Fakta Dibalik Kekalahan Ahok di Pilkada DKI 2017

0
214
views
Gubernur Ahok yang kalah di Pilkada DKI Jakarta 2017
Gubernur Ahok yang kalah di Pilkada DKI Jakarta 2017

Liputan389 – Pasangan calon Gubernur dan Wakil Gubernur DKI Jakarta periode 2017-2022, Basuki Tjahaja Purnama dan Djarot Saiful Hidayat sekaligus petahana berdasarkan hasil quick count hasil pemungutan suara dinyatakan kalah.

Pemenangnya adalah pasangan nomor urut tiga, Anies Rasyid Baswedan dan Sandiaga Salahuddin Uno.

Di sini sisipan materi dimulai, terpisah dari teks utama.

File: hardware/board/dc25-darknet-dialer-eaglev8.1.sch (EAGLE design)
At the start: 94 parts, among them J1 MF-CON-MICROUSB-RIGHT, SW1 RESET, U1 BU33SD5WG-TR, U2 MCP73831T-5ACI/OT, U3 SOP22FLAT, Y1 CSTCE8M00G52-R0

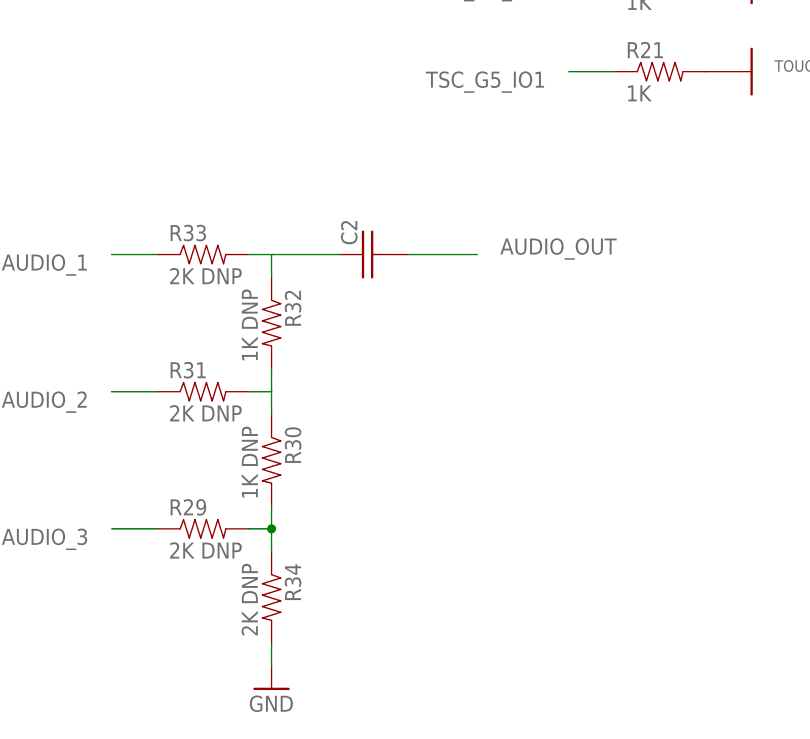
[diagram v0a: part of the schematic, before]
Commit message: Added audio out pads
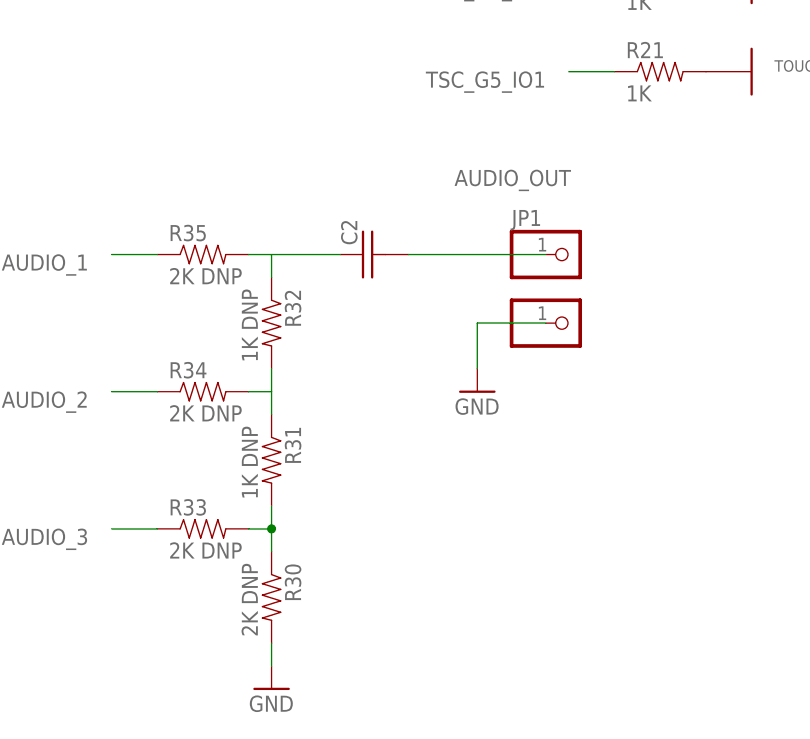
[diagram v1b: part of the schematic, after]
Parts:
- removed R29: 2K DNP, darknet_parts_library:RESISTOR0603-RES
- added JP1, JP2: (no value), adafruit:PINHD-1X1CB
- added R35: 2K DNP, darknet_parts_library:RESISTOR0603-RES
- R30: value 1K DNP -> 2K DNP
- R31: value 2K DNP -> 1K DNP
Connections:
- net AUDIO_1: now also R35.1; no longer R33.1
- net AUDIO_2: now also R34.1; no longer R31.1
- net AUDIO_3: now also R33.1; no longer R29.1
- net AUDIO_OUT: now also JP1.1
- net GND: now also JP2.1, R30.2; no longer R34.2
- net N$33: now also R35.2; no longer R33.2
- net N$34: now also R31.1, R34.2; no longer R30.1, R31.2
- net N$35: now also R30.1, R31.2, R33.2; no longer R29.2, R30.2, R34.1
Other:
- moved on the sheet: R30, R31, R33, R34
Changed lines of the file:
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@@
 <part name="J1" library="MF_Connectors" deviceset="USB" device="_MICRO_RIGHT" value="MF-CON-MICROUSB-RIGHT"/>
 <part name="U$11" library="darknet_parts_library" deviceset="SWITCH_SPDT" device=""/>
-<part name="R29" library="darknet_parts_library" deviceset="RESISTOR" device="0603-RES" value="2K DNP"/>
-<part name="R30" library="darknet_parts_library" deviceset="RESISTOR" device="0603-RES" value="1K DNP"/>
-<part name="R31" library="darknet_parts_library" deviceset="RESISTOR" device="0603-RES" value="2K DNP"/>
+<part name="R33" library="darknet_parts_library" deviceset="RESISTOR" device="0603-RES" value="2K DNP"/>
+<part name="R31" library="darknet_parts_library" deviceset="RESISTOR" device="0603-RES" value="1K DNP"/>
+<part name="R34" library="darknet_parts_library" deviceset="RESISTOR" device="0603-RES" value="2K DNP"/>
 <part name="R32" library="darknet_parts_library" deviceset="RESISTOR" device="0603-RES" value="1K DNP"/>
-<part name="R33" library="darknet_parts_library" deviceset="RESISTOR" device="0603-RES" value="2K DNP"/>
+<part name="R35" library="darknet_parts_library" deviceset="RESISTOR" device="0603-RES" value="2K DNP"/>
 <part name="C2" library="darknet_parts_library" deviceset="C-US" device="C0603" value="10uF DNP"/>
-<part name="R34" library="darknet_parts_library" deviceset="RESISTOR" device="0603-RES" value="2K DNP"/>
+<part name="R30" library="darknet_parts_library" deviceset="RESISTOR" device="0603-RES" value="2K DNP"/>
 <part name="GND17" library="SYNShop" deviceset="GND" device=""/>
+<part name="GND18" library="SYNShop" deviceset="GND" device=""/>
+<part name="JP1" library="adafruit" deviceset="PINHD-1X1" device="CB"/>
+<part name="JP2" library="adafruit" deviceset="PINHD-1X1" device="CB"/>
 </parts>
 <sheets>
@@
 <instance part="J1" gate="G$1" x="134.62" y="340.36" rot="R180"/>
 <instance part="U$11" gate="G$1" x="93.98" y="386.08"/>
-<instance part="R29" gate="G$1" x="256.54" y="7.62"/>
-<instance part="R30" gate="G$1" x="264.16" y="15.24" rot="R270"/>
-<instance part="R31" gate="G$1" x="256.54" y="22.86"/>
+<instance part="R33" gate="G$1" x="256.54" y="7.62"/>
+<instance part="R31" gate="G$1" x="264.16" y="15.24" rot="R270"/>
+<instance part="R34" gate="G$1" x="256.54" y="22.86"/>
 <instance part="R32" gate="G$1" x="264.16" y="30.48" rot="R270"/>
-<instance part="R33" gate="G$1" x="256.54" y="38.1"/>
+<instance part="R35" gate="G$1" x="256.54" y="38.1"/>
 <instance part="C2" gate="G$1" x="274.32" y="38.1" smashed="yes" rot="R90">
 <attribute name="NAME" x="273.685" y="39.116" size="1.778" layer="95" rot="R90"/>
 </instance>
-<instance part="R34" gate="G$1" x="264.16" y="0" rot="R270"/>
+<instance part="R30" gate="G$1" x="264.16" y="0" rot="R270"/>
 <instance part="GND17" gate="1" x="264.16" y="-10.16"/>
+<instance part="GND18" gate="1" x="287.02" y="22.86"/>
+<instance part="JP1" gate="G$1" x="297.18" y="38.1"/>
+<instance part="JP2" gate="G$1" x="297.18" y="30.48" smashed="yes">
+<attribute name="VALUE" x="290.83" y="25.4" size="1.778" layer="96"/>
+</instance>
 </instances>
 <busses>
@@
 </segment>
 <segment>
-<pinref part="R34" gate="G$1" pin="2"/>
+<pinref part="R30" gate="G$1" pin="2"/>
 <wire x1="264.16" y1="-5.08" x2="264.16" y2="-7.62" width="0.1524" layer="91"/>
 <pinref part="GND17" gate="1" pin="GND"/>
+</segment>
+<segment>
+<wire x1="294.64" y1="30.48" x2="287.02" y2="30.48" width="0.1524" layer="91"/>
+<wire x1="287.02" y1="30.48" x2="287.02" y2="25.4" width="0.1524" layer="91"/>
+<pinref part="GND18" gate="1" pin="GND"/>
+<pinref part="JP2" gate="G$1" pin="1"/>
 </segment>
 </net>
@@
 </segment>
 <segment>
-<pinref part="R33" gate="G$1" pin="1"/>
+<pinref part="R35" gate="G$1" pin="1"/>
 <wire x1="251.46" y1="38.1" x2="246.38" y2="38.1" width="0.1524" layer="91"/>
 <label x="243.84" y="38.1" size="1.778" layer="95" rot="R180"/>
@@
 </segment>
 <segment>
-<pinref part="R29" gate="G$1" pin="1"/>
+<pinref part="R33" gate="G$1" pin="1"/>
 <wire x1="251.46" y1="7.62" x2="246.38" y2="7.62" width="0.1524" layer="91"/>
 <label x="243.84" y="7.62" size="1.778" layer="95" rot="R180"/>
@@
 </segment>
 <segment>
-<pinref part="R31" gate="G$1" pin="1"/>
+<pinref part="R34" gate="G$1" pin="1"/>
 <wire x1="251.46" y1="22.86" x2="246.38" y2="22.86" width="0.1524" layer="91"/>
 <label x="243.84" y="22.86" size="1.778" layer="95" rot="R180"/>
@@
 <net name="N$33" class="0">
 <segment>
-<pinref part="R33" gate="G$1" pin="2"/>
+<pinref part="R35" gate="G$1" pin="2"/>
 <pinref part="C2" gate="G$1" pin="1"/>
 <wire x1="261.62" y1="38.1" x2="264.16" y2="38.1" width="0.1524" layer="91"/>
@@
 <segment>
 <pinref part="R32" gate="G$1" pin="2"/>
-<pinref part="R30" gate="G$1" pin="1"/>
+<pinref part="R31" gate="G$1" pin="1"/>
 <wire x1="264.16" y1="25.4" x2="264.16" y2="22.86" width="0.1524" layer="91"/>
-<pinref part="R31" gate="G$1" pin="2"/>
+<pinref part="R34" gate="G$1" pin="2"/>
 <wire x1="264.16" y1="22.86" x2="264.16" y2="20.32" width="0.1524" layer="91"/>
 <wire x1="261.62" y1="22.86" x2="264.16" y2="22.86" width="0.1524" layer="91"/>
@@
 <net name="N$35" class="0">
 <segment>
-<pinref part="R30" gate="G$1" pin="2"/>
+<pinref part="R31" gate="G$1" pin="2"/>
 <wire x1="264.16" y1="10.16" x2="264.16" y2="7.62" width="0.1524" layer="91"/>
-<pinref part="R29" gate="G$1" pin="2"/>
+<pinref part="R33" gate="G$1" pin="2"/>
 <wire x1="264.16" y1="7.62" x2="261.62" y2="7.62" width="0.1524" layer="91"/>
-<pinref part="R34" gate="G$1" pin="1"/>
+<pinref part="R30" gate="G$1" pin="1"/>
 <wire x1="264.16" y1="5.08" x2="264.16" y2="7.62" width="0.1524" layer="91"/>
 <junction x="264.16" y="7.62"/>
@@
 <segment>
 <pinref part="C2" gate="G$1" pin="2"/>
-<wire x1="279.4" y1="38.1" x2="287.02" y2="38.1" width="0.1524" layer="91"/>
-<label x="289.56" y="38.1" size="1.778" layer="95"/>
-</segment>
-</net>
+<wire x1="279.4" y1="38.1" x2="294.64" y2="38.1" width="0.1524" layer="91"/>
+<label x="284.48" y="45.72" size="1.778" layer="95"/>
+<pinref part="JP1" gate="G$1" pin="1"/>
+</segment>
+</net>

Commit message: Updated switch hook, and removed solder paste for kit parts
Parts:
- LED1, LED10, LED2, LED3, LED4, LED5, LED6, LED7, LED8, LED9: device SYNShop:LEDREVERSEMOUNT -> darknet_parts_library:LEDREVERSEMOUNT_NOPASTE
- U$15: value RFM69HCWRFN69HCWSMD -> RFM69HCWRFM69HCWSMDNOPASTE; device SYNShop:RFM69HCWRFN69HCWSMD -> SYNShop:RFM69HCWRFM69HCWSMDNOPASTE

Hasil quick count Lingkaran Survei Indonesia (LSI Denny JA) menunjukkan pasangan Basuki dan Djarot hanya meraih 44,14 persen suara, sedangkan pasangan Anies dan Sandiaga meraih 55,86 persen suara.

Data masuk sebanyak 96,29 persen. Hasil quick count Penelitian dan Pengembangan Harian menunjukkan pasangan Basuki dan Djarot hanya meraih 41,87 persen suara, sedangkan pasangan Anies dan Sandiaga meraih 58,13 persen suara.

Data masuk sebanyak 94,7 persen. Kendati dinyatakan mendapatkan kekalahan, namun pemenang sah adalah yang akan diumumkan Komisi Pemilihan Umum DKI Jakarta berdasarkan hasil real count.

Kekalahan pasangan petahana telah diprediksi sejumlah lembaga survei dan konsultan politik, sebelumnya. Saat pemungatan suara putaran pertama, pasangan Ahok, sapaan Basuki dan Djarot malah menang.

Lalu, apa sebenarnya penyebab petahana mendapatkan kekalahan pada Pemilihan Gubernur dan Wakil Gubernur DKI Jakarta periode 2017-2022? Peneliti dari lembaga survei sekaligus konsultan politik LSI Denny JA, Adjie Alfaraby dan Ardian Sopa pernah membeberkan sebelumnya.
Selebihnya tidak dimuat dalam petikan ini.